▶ Work instructions: Give again, exactly as written, each line of the material below starting at the line that contains "circle A3 centre (20.1005, 52.8995)" and ending at the line that contains "A6 | A7 | A8". Both ends count, and no other line does.

▶ Supplied material:
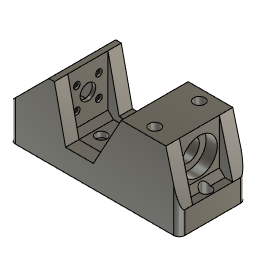
Stepper Motor Mount Mk4 Long v11 (Autodesk Fusion 360 design; units mm, degrees)
Autodesk Fusion 360 part; units mm, degrees
sketch "Sketch1" plane through (0, 0, 0) normal (0, 0, 1) x (1, 0, 0)
  line L0 (0, 0) -> (152, 0)
  line L1 (152, 0) -> (152, 60)
  line L2 (152, 60) -> (0, 60)
  line L3 (0, 60) -> (0, 0)
  dimension "d1" = 152
  dimension "d2" = 60
  constraint horizontal L0
  constraint vertical L1
  constraint horizontal L2
  constraint vertical L3
  constraint coincident L0.start L3.end
  measures "d1" distance of L0.start L0.end
  measures "d2" distance of L0.start L2.end
extrude "Extrude1" add sketch "Sketch1" along normal blind 10
sketch "Sketch2" plane through (0, 0, 10) normal (0, 0, 1) x (-1, 0, 0)
  line L0 (0, -60) -> (0, 0)
  line L1 (0, 0) -> (-152, 0)
  line L2 (-152, 0) -> (-152, -60)
  line L3 (-152, -60) -> (0, -60)
  line L4 (-35, -60) -> (-40, -60)
  line L5 (-40, -60) -> (-40, 0)
  line L6 (-40, 0) -> (-35, 0)
  line L7 (-35, 0) -> (-35, -60)
  line L8 (-140, -60) -> (-100, -60)
  line L9 (-100, -60) -> (-100, 0)
  line L10 (-100, 0) -> (-140, 0)
  line L11 (-140, 0) -> (-140, -60)
  dimension "d5" = 5
  dimension "d6" = 35
  dimension "d25" = 40
  dimension "d91" = 12
  constraint horizontal L4
  constraint vertical L5
  constraint horizontal L6
  constraint vertical L7
  constraint coincident L3 L4.start
  constraint horizontal L8
  constraint vertical L9
  constraint horizontal L10
  constraint vertical L11
  constraint coincident L1 L9.end
  constraint collinear L3 L8
  measures "d5" distance of L4.start L4.end
  measures "d6" distance of L0 L7
  measures "d25" distance of L9 L11
  measures "d91" distance of L2 L11
extrude "Extrude2" add sketch "Sketch2" along normal blind 56 contours L1 L3 L4 L5 L6 L7 | L1 L3 L8 L9 L10 L11
sketch "Sketch3" plane through (40, 0, 0) normal (1, 0, 0) x (0, 1, 0)
  line L0 (0, 10) -> (60, 10)
  line L1 (60, 10) -> (60, 66)
  line L2 (60, 66) -> (0, 66)
  line L3 (0, 66) -> (0, 10)
  circle A0 centre (30, 43) radius 14 construction
  circle A1 centre (20.1005, 52.8995) radius 1.6
  circle A2 centre (39.8995, 52.8995) radius 1.6
  circle A3 centre (20.1005, 33.1005) radius 1.6
  circle A4 centre (39.8995, 33.1005) radius 1.6
  line L4 (30, 43) -> (39.8995, 33.1005) construction
  line L5 (30, 43) -> (45, 43) construction
  line L6 (30, 43) -> (20.1005, 33.1005) construction
  line L7 (30, 43) -> (45, 43) construction
  line L8 (30, 43) -> (20.1005, 52.8995) construction
  line L9 (30, 43) -> (45, 43) construction
  line L10 (30, 43) -> (39.8995, 52.8995) construction
  line L11 (30, 43) -> (45, 43) construction
  circle A5 centre (30, 43) radius 7
  dimension "d9" = 28
  dimension "d10" = 30
  dimension "d11" = 3.2
  dimension "d12" = 3.2
  dimension "d13" = 3.2
  dimension "d14" = 3.2
  dimension "d17" = 33
  dimension "d18" = 45
  dimension "d19" = 135
  dimension "d20" = 135
  dimension "d21" = 45
  dimension "d24" = 14
  constraint coincident A0 A1.centre
  constraint coincident A0 A2.centre
  constraint coincident A0 A3.centre
  constraint coincident A0 A4.centre
  constraint horizontal L5
  constraint coincident A0.centre L4.start
  constraint horizontal L7
  constraint horizontal L9
  constraint horizontal L11
  constraint coincident A4.centre L4.end
  constraint coincident A3.centre L6.end
  constraint coincident A1.centre L8.end
  constraint coincident A2.centre L10.end
  measures "d9" diameter of A0
  measures "d10" distance of L1 A0.centre
  measures "d11" diameter of A1
  measures "d12" diameter of A2
  measures "d13" diameter of A3
  measures "d14" diameter of A4
  measures "d17" distance of L0 A0.centre
  measures "d18" angle of L4 L5
  measures "d19" angle of L6 L7
  measures "d20" angle of L8 L9
  measures "d21" angle of L10 L11
  measures "d24" diameter of A5
extrude "Extrude3" cut sketch "Sketch3" against normal blind 5 contours A1 | A2 | A3 | A4 | A5
sketch "Sketch16" plane through (40, 0, 0) normal (1, 0, 0) x (0, 1, 0)
  circle A0 centre (39.8995, 33.1005) radius 1.6
  circle A1 centre (39.8995, 52.8995) radius 1.6
  circle A2 centre (20.1005, 33.1005) radius 1.6
  circle A3 centre (20.1005, 52.8995) radius 1.6
  circle A4 centre (30, 43) radius 7
  line L0 (0, 10) -> (60, 10)
  line L1 (60, 10) -> (60, 66)
  line L2 (60, 66) -> (0, 66)
  line L3 (0, 66) -> (0, 10)
  circle A5 centre (39.8995, 52.8995) radius 3
  circle A6 centre (39.8995, 33.1005) radius 3
  circle A7 centre (20.1005, 52.8995) radius 3
  circle A8 centre (20.1005, 33.1005) radius 3
  dimension "d132" = 6
  dimension "d133" = 6
  dimension "d134" = 6
  dimension "d135" = 6
  constraint concentric A1 A5
  constraint concentric A0 A6
  constraint concentric A3 A7
  constraint concentric A2 A8
  measures "d132" diameter of A5
  measures "d133" diameter of A6
  measures "d134" diameter of A7
  measures "d135" diameter of A8
extrude "Extrude17" cut sketch "Sketch16" against normal blind 2 contours A5 | A6 | A7 | A8
sketch "Sketch4" plane through (100, 0, 0) normal (-1, 0, 0) x (0, -1, 0)
  line L0 (-60, 10) -> (0, 10)
  line L1 (0, 10) -> (0, 66)
  line L2 (0, 66) -> (-60, 66)
  line L3 (-60, 66) -> (-60, 10)
  circle A0 centre (-30, 43) radius 16.1
  dimension "d26" = 32.2
  dimension "d27" = 30
  dimension "d28" = 33
  measures "d26" diameter of A0
  measures "d27" distance of L1 A0.centre
  measures "d28" distance of L0 A0.centre
extrude "Extrude4" cut sketch "Sketch4" against normal blind 10 contours A0
sketch "Sketch12" plane through (140, 0, 0) normal (1, 0, 0) x (0, 1, 0)
  line L0 (0, 10) -> (60, 10)
  line L1 (60, 10) -> (60, 66)
  line L2 (60, 66) -> (0, 66)
  line L3 (0, 66) -> (0, 10)
  circle A0 centre (30, 43) radius 16.1
  line L4 (0, 10) -> (60, 10)
  dimension "d92" = 32.2
  dimension "d93" = 33
  dimension "d94" = 30
  measures "d92" diameter of A0
  measures "d93" distance of A0.centre L4
  measures "d94" distance of L3 A0.centre
extrude "Extrude12" cut sketch "Sketch12" against normal blind 10 contours A0
sketch "Sketch5" plane through (110, 0, 0) normal (-1, 0, 0) x (0, -1, 0)
  circle A0 centre (-30, 43) radius 16.1
  circle A1 centre (-30, 43) radius 10
  dimension "d31" = 20
  constraint concentric A0 A1
  measures "d31" diameter of A1
extrude "Extrude5" cut sketch "Sketch5" against normal blind 20 contours A1
sketch "Sketch6" plane through (0, 0, 10) normal (0, 0, 1) x (-1, 0, 0)
  line L0 (-100, 0) -> (-100, -60)
  line L1 (-100, -60) -> (-40, -60)
  line L2 (-40, -60) -> (-40, 0)
  line L3 (-40, 0) -> (-100, 0)
  line L4 (-35, 0) -> (-35, -60)
  line L5 (-35, -60) -> (0, -60)
  line L6 (0, -60) -> (0, 0)
  line L7 (0, 0) -> (-35, 0)
  line L8 (-40, -60) -> (-100, -60)
  line L9 (-100, -60) -> (-100, -48)
  line L10 (-100, -48) -> (-40, -48)
  line L11 (-40, -48) -> (-40, -60)
  line L12 (-40, 0) -> (-100, 0)
  line L13 (-100, 0) -> (-100, -12)
  line L14 (-100, -12) -> (-40, -12)
  line L15 (-40, -12) -> (-40, 0)
  line L16 (-35, -60) -> (0, -60)
  line L17 (0, -60) -> (0, -52)
  line L18 (0, -52) -> (-35, -52)
  line L19 (-35, -52) -> (-35, -60)
  line L20 (-35, 0) -> (0, 0)
  line L21 (0, 0) -> (0, -8)
  line L22 (0, -8) -> (-35, -8)
  line L23 (-35, -8) -> (-35, 0)
  line L24 (-140, -60) -> (-140, 0)
  line L25 (-140, 0) -> (-152, 0)
  line L26 (-152, 0) -> (-152, -60)
  line L27 (-152, -60) -> (-140, -60)
  line L28 (-140, -60) -> (-152, -60)
  line L29 (-152, -60) -> (-152, -48)
  line L30 (-152, -48) -> (-140, -48)
  line L31 (-140, -48) -> (-140, -60)
  line L32 (-140, 0) -> (-152, 0)
  line L33 (-152, 0) -> (-152, -12)
  line L34 (-152, -12) -> (-140, -12)
  line L35 (-140, -12) -> (-140, 0)
  dimension "d34" = 12
  dimension "d35" = 12
  dimension "d128" = 12
  dimension "d129" = 12
  dimension "d130" = 8
  dimension "d168" = 8
  constraint horizontal L8
  constraint vertical L9
  constraint horizontal L10
  constraint vertical L11
  constraint coincident L1.end L2.start
  constraint horizontal L12
  constraint vertical L13
  constraint horizontal L14
  constraint vertical L15
  constraint coincident L2.end L3.start
  constraint horizontal L16
  constraint vertical L17
  constraint horizontal L18
  constraint vertical L19
  constraint coincident L6 L17.end
  constraint coincident L4.end L5.start
  constraint horizontal L20
  constraint vertical L21
  constraint horizontal L22
  constraint vertical L23
  constraint coincident L6 L21.end
  constraint coincident L4.start L7.end
  constraint collinear L0 L13
  constraint collinear L0 L9
  constraint horizontal L28
  constraint vertical L29
  constraint horizontal L30
  constraint vertical L31
  constraint coincident L26 L29.end
  constraint coincident L24.start L27.end
  constraint horizontal L32
  constraint vertical L33
  constraint horizontal L34
  constraint vertical L35
  constraint coincident L26 L33.end
  constraint coincident L24.end L25.start
  measures "d34" distance of L1.end L10.end
  measures "d35" distance of L2.end L14.end
  measures "d128" distance of L28 L30
  measures "d129" distance of L32 L34
  measures "d130" distance of L20 L22
  measures "d168" distance of L16 L18
extrude "Extrude6" add sketch "Sketch6" along normal blind 56 contours L0 L2 L3 L12 L13 L14 L15 | L0 L1 L2 L8 L9 L10 L11 | L4 L6 L7 L20 L21 L22 L23 | L4 L5 L6 L16 L17 L18 L19 | L24 L26 L27 L28 L29 L30 L31 | L24 L25 L26 L32 L33 L34 L35
chamfer "Chamfer1" distance 35 angle 45 2 edges at (0, 4, 66) (0, 56, 66)
sketch "Sketch7" plane through (0, 0, 0) normal (0, -1, 0) x (1, 0, 0)
  line L0 (35, 66) -> (0, 31)
  line L1 (0, 31) -> (0, 0)
  line L2 (0, 0) -> (152, 0)
  line L3 (152, 0) -> (152, 66)
  line L4 (152, 66) -> (35, 66)
  line L5 (40, 66) -> (100, 66)
  line L6 (100, 66) -> (100, 10)
  line L7 (100, 10) -> (40, 10)
  line L8 (40, 10) -> (40, 66)
  line L9 (40, 20) -> (100, 20)
  line L10 (40, 20) -> (40, 66)
  line L11 (100, 10) -> (100, 66)
  line L12 (152, 66) -> (140, 66)
  line L13 (140, 66) -> (140, 20)
  line L14 (140, 20) -> (152, 20)
  line L15 (152, 20) -> (152, 66)
  point P0 (40, 66)
  point P1 (140, 66)
  dimension "d41" = 56
  dimension "d44" = 10
  constraint horizontal L5
  constraint vertical L6
  constraint horizontal L7
  constraint vertical L8
  constraint coincident L4 P0
  constraint coincident L8 L9.start
  constraint coincident L6 L9.end
  constraint perpendicular L6 L9
  constraint vertical L10
  constraint collinear L6 L11
  constraint coincident P0 L5.start
  constraint horizontal L12
  constraint vertical L13
  constraint horizontal L14
  constraint vertical L15
  constraint coincident L3.end L4.start
  constraint coincident L13 P1
  constraint collinear L9 L14
  measures "d41" distance of L5 L7
  measures "d44" distance of L7 L9
extrude "Extrude7" cut sketch "Sketch7" against normal blind 60 contours L4 L5 L6 L8 L9 L10 L11 | L3 L4 L12 L13 L14 L15
chamfer "Chamfer2" distance 46 distance2 10 2 edges at (40, 6, 20) (40, 54, 20) measured on face at (40, 27.2002, 16.8341) measured on face at (40, 27.2002, 16.8341)
chamfer "Chamfer3" distance 25 distance2 46 2 edges at (100, 54, 20) (100, 6, 20) measured on face at (66.6653, 52, 20) measured on face at (66.6653, 4, 20)
sketch "Sketch8" plane through (0, 0, 10) normal (0, 0, 1) x (-1, 0, 0)
  circle A0 centre (-64, -30) radius 2.6
  circle A1 centre (-76, -30) radius 2.6
  circle A2 centre (-88, -30) radius 2.6
  line L0 (-40, -12) -> (-100, -12)
  line L1 (-100, -12) -> (-100, -48)
  line L2 (-100, -48) -> (-40, -48)
  line L3 (-40, -48) -> (-40, -12)
  circle A3 centre (-22, -30) radius 2.6
  circle A4 centre (-8, -30) radius 2.6
  line L4 (0, -52) -> (0, -8)
  circle A5 centre (-146, -30) radius 2.6
  line L5 (-152, 0) -> (-140, 0)
  line L6 (-152, -12) -> (-152, -48)
  circle A6 centre (-52, -30) radius 2.6
  line L7 (-40, 0) -> (-50, 0)
  dimension "d48" = 5.2
  dimension "d49" = 5.2
  dimension "d50" = 5.2
  dimension "d58" = 12
  dimension "d59" = 12
  dimension "d71" = 5.2
  dimension "d73" = 5.2
  dimension "d78" = 8
  dimension "d83" = 12
  dimension "d118" = 5.2
  dimension "d119" = 30
  dimension "d120" = 6
  dimension "d138" = 14
  dimension "d139" = 5.2
  dimension "d140" = 12
  dimension "d169" = 30
  dimension "d170" = 30
  dimension "d171" = 30
  dimension "d172" = 30
  dimension "d173" = 30
  dimension "d174" = 30
  measures "d48" diameter of A0
  measures "d49" diameter of A1
  measures "d50" diameter of A2
  measures "d58" distance of A0.centre A1.centre
  measures "d59" distance of A1.centre A2.centre
  measures "d71" diameter of A3
  measures "d73" diameter of A4
  measures "d78" distance of A4.centre L4
  measures "d83" distance of A2.centre L1
  measures "d118" diameter of A5
  measures "d119" distance of A5.centre L5
  measures "d120" distance of A5.centre L6
  measures "d138" distance of A3.centre A4.centre
  measures "d139" diameter of A6
  measures "d140" distance of A0.centre A6.centre
  measures "d169" distance of A6.centre L7
  measures "d170" distance of A0.centre L7
  measures "d171" distance of A1.centre L7
  measures "d172" distance of A2.centre L7
  measures "d173" distance of A4.centre L7
  measures "d174" distance of A3.centre L7
extrude "Extrude8" cut sketch "Sketch8" against normal blind 10 contours A0 | A1 | A2 | A3 | A4 | A5 | A6
sketch "Sketch17" plane through (0, 0, 10) normal (0, 0, 1) x (-1, 0, 0)
  circle A0 centre (-88, -30) radius 2.6
  circle A1 centre (-76, -30) radius 2.6
  circle A2 centre (-64, -30) radius 2.6
  circle A3 centre (-52, -30) radius 2.6
  line L0 (-100, -48) -> (-40, -48)
  line L1 (-40, -48) -> (-40, -12)
  line L2 (-40, -12) -> (-100, -12)
  line L3 (-100, -12) -> (-100, -48)
  circle A4 centre (-8, -30) radius 2.6
  circle A5 centre (-22, -30) radius 2.6
  line L4 (-35, -52) -> (0, -52)
  line L5 (0, -52) -> (0, -8)
  line L6 (0, -8) -> (-35, -8)
  line L7 (-35, -8) -> (-35, -52)
  circle A6 centre (-146, -30) radius 2.6
  line L8 (-152, -48) -> (-140, -48)
  line L9 (-140, -48) -> (-140, -12)
  line L10 (-140, -12) -> (-152, -12)
  line L11 (-152, -12) -> (-152, -48)
  circle A7 centre (-8, -30) radius 5
  circle A8 centre (-22, -30) radius 5
  circle A9 centre (-52, -30) radius 5
  circle A10 centre (-64, -30) radius 5
  circle A11 centre (-76, -30) radius 5
  circle A12 centre (-88, -30) radius 5
  circle A13 centre (-146, -30) radius 5
  dimension "d141" = 10
  dimension "d142" = 10
  dimension "d143" = 10
  dimension "d144" = 10
  dimension "d145" = 10
  dimension "d146" = 10
  dimension "d147" = 10
  constraint concentric A4 A7
  constraint concentric A5 A8
  constraint concentric A3 A9
  constraint concentric A2 A10
  constraint concentric A1 A11
  constraint concentric A0 A12
  constraint concentric A6 A13
  measures "d141" diameter of A7
  measures "d142" diameter of A8
  measures "d143" diameter of A9
  measures "d144" diameter of A10
  measures "d145" diameter of A11
  measures "d146" diameter of A12
  measures "d147" diameter of A13
extrude "Extrude18" add sketch "Sketch17" along normal blind 5 contours L0 L1 L2 L3 | L4 L5 L6 L7 | L8 L9 L10 L11
chamfer "Chamfer6" distance 46 distance2 12 2 edges at (140, 6, 20) (140, 54, 20) measured on face at (140, 55.3667, 43) measured on face at (140, 55.3667, 43)
fillet "Fillet1" radius 5 4 edges at (0, 0, 15.5) (0, 60, 15.5) (152, 0, 10) (152, 60, 10)
extrude "Extrude19" add 1 faces at (145.8754, 43.662, 15) along direction (0, 0, 1) blind 5
chamfer "Chamfer4" distance 5 angle 45 4 edges at (140, 30, 20) (100, 30, 15) (40, 30, 15) (35, 30, 15)
sketch "Sketch10" plane through (35, 0, 0) normal (-1, 0, 0) x (0, -1, 0)
  line L0 (-8, 20) -> (-8, 66)
  line L1 (-52, 66) -> (-52, 20)
  circle A0 centre (-30, 43) radius 11.5
  circle A1 centre (-20.1005, 33.1005) radius 1.6
  circle A2 centre (-39.8995, 33.1005) radius 1.6
  circle A3 centre (-39.8995, 52.8995) radius 1.6
  circle A4 centre (-20.1005, 52.8995) radius 1.6
  circle A5 centre (-30, 43) radius 7
  line L2 (-8, 66) -> (-52, 66)
  line L3 (-52, 20) -> (-8, 20)
  dimension "d79" = 23
  measures "d79" diameter of A0
extrude "Extrude10" cut sketch "Sketch10" against normal blind 2 contours A0 | A5
sketch "Sketch19" plane through (0, 0, 66) normal (0, 0, 1) x (-1, 0, 0)
  line L0 (-100, -60) -> (-100, -48)
  line L1 (-100, -48) -> (-100, -12)
  line L2 (-100, -12) -> (-100, 0)
  line L3 (-100, 0) -> (-140, 0)
  line L4 (-140, 0) -> (-140, -12)
  line L5 (-140, -12) -> (-140, -48)
  line L6 (-140, -48) -> (-140, -60)
  line L7 (-140, -60) -> (-100, -60)
  circle A0 centre (-120, -50) radius 2.6
  circle A1 centre (-120, -10) radius 2.6
  dimension "d155" = 5.2
  dimension "d156" = 5.2
  dimension "d157" = 10
  dimension "d158" = 10
  dimension "d161" = 20
  dimension "d162" = 20
  measures "d155" diameter of A0
  measures "d156" diameter of A1
  measures "d157" distance of L3 A1.centre
  measures "d158" distance of L7 A0.centre
  measures "d161" distance of L0 A0.centre
  measures "d162" distance of L2 A1.centre
extrude "Extrude20" cut sketch "Sketch19" against normal blind 66 contours A0 | A1
sketch "Sketch20" plane through (0, 0, 66) normal (0, 0, 1) x (-1, 0, 0)
  circle A0 centre (-120, -50) radius 2.6
  circle A1 centre (-120, -10) radius 2.6
  line L0 (-100, -60) -> (-100, -48)
  line L1 (-100, -48) -> (-100, -12)
  line L2 (-100, -12) -> (-100, 0)
  line L3 (-100, 0) -> (-140, 0)
  line L4 (-140, 0) -> (-140, -12)
  line L5 (-140, -12) -> (-140, -48)
  line L6 (-140, -48) -> (-140, -60)
  line L7 (-140, -60) -> (-100, -60)
  circle A2 centre (-120, -50) radius 5
  circle A3 centre (-120, -10) radius 5
  dimension "d164" = 10
  dimension "d165" = 10
  constraint concentric A0 A2
  constraint concentric A1 A3
  measures "d164" diameter of A2
  measures "d165" diameter of A3
extrude "Extrude21" cut sketch "Sketch20" against normal blind 19 contours A2 | A3

▶ Answer for this exercise:
  circle A3 centre (20.1005, 52.8995) radius 1.6
  circle A4 centre (30, 43) radius 7
  line L0 (0, 10) -> (60, 10)
  line L1 (60, 10) -> (60, 66)
  line L2 (60, 66) -> (0, 66)
  line L3 (0, 66) -> (0, 10)
  circle A5 centre (39.8995, 52.8995) radius 3
  circle A6 centre (39.8995, 33.1005) radius 3
  circle A7 centre (20.1005, 52.8995) radius 3
  circle A8 centre (20.1005, 33.1005) radius 3
  dimension "d132" = 6
  dimension "d133" = 6
  dimension "d134" = 6
  dimension "d135" = 6
  constraint concentric A1 A5
  constraint concentric A0 A6
  constraint concentric A3 A7
  constraint concentric A2 A8
  measures "d132" diameter of A5
  measures "d133" diameter of A6
  measures "d134" diameter of A7
  measures "d135" diameter of A8
extrude "Extrude17" cut sketch "Sketch16" against normal blind 2 contours A5 | A6 | A7 | A8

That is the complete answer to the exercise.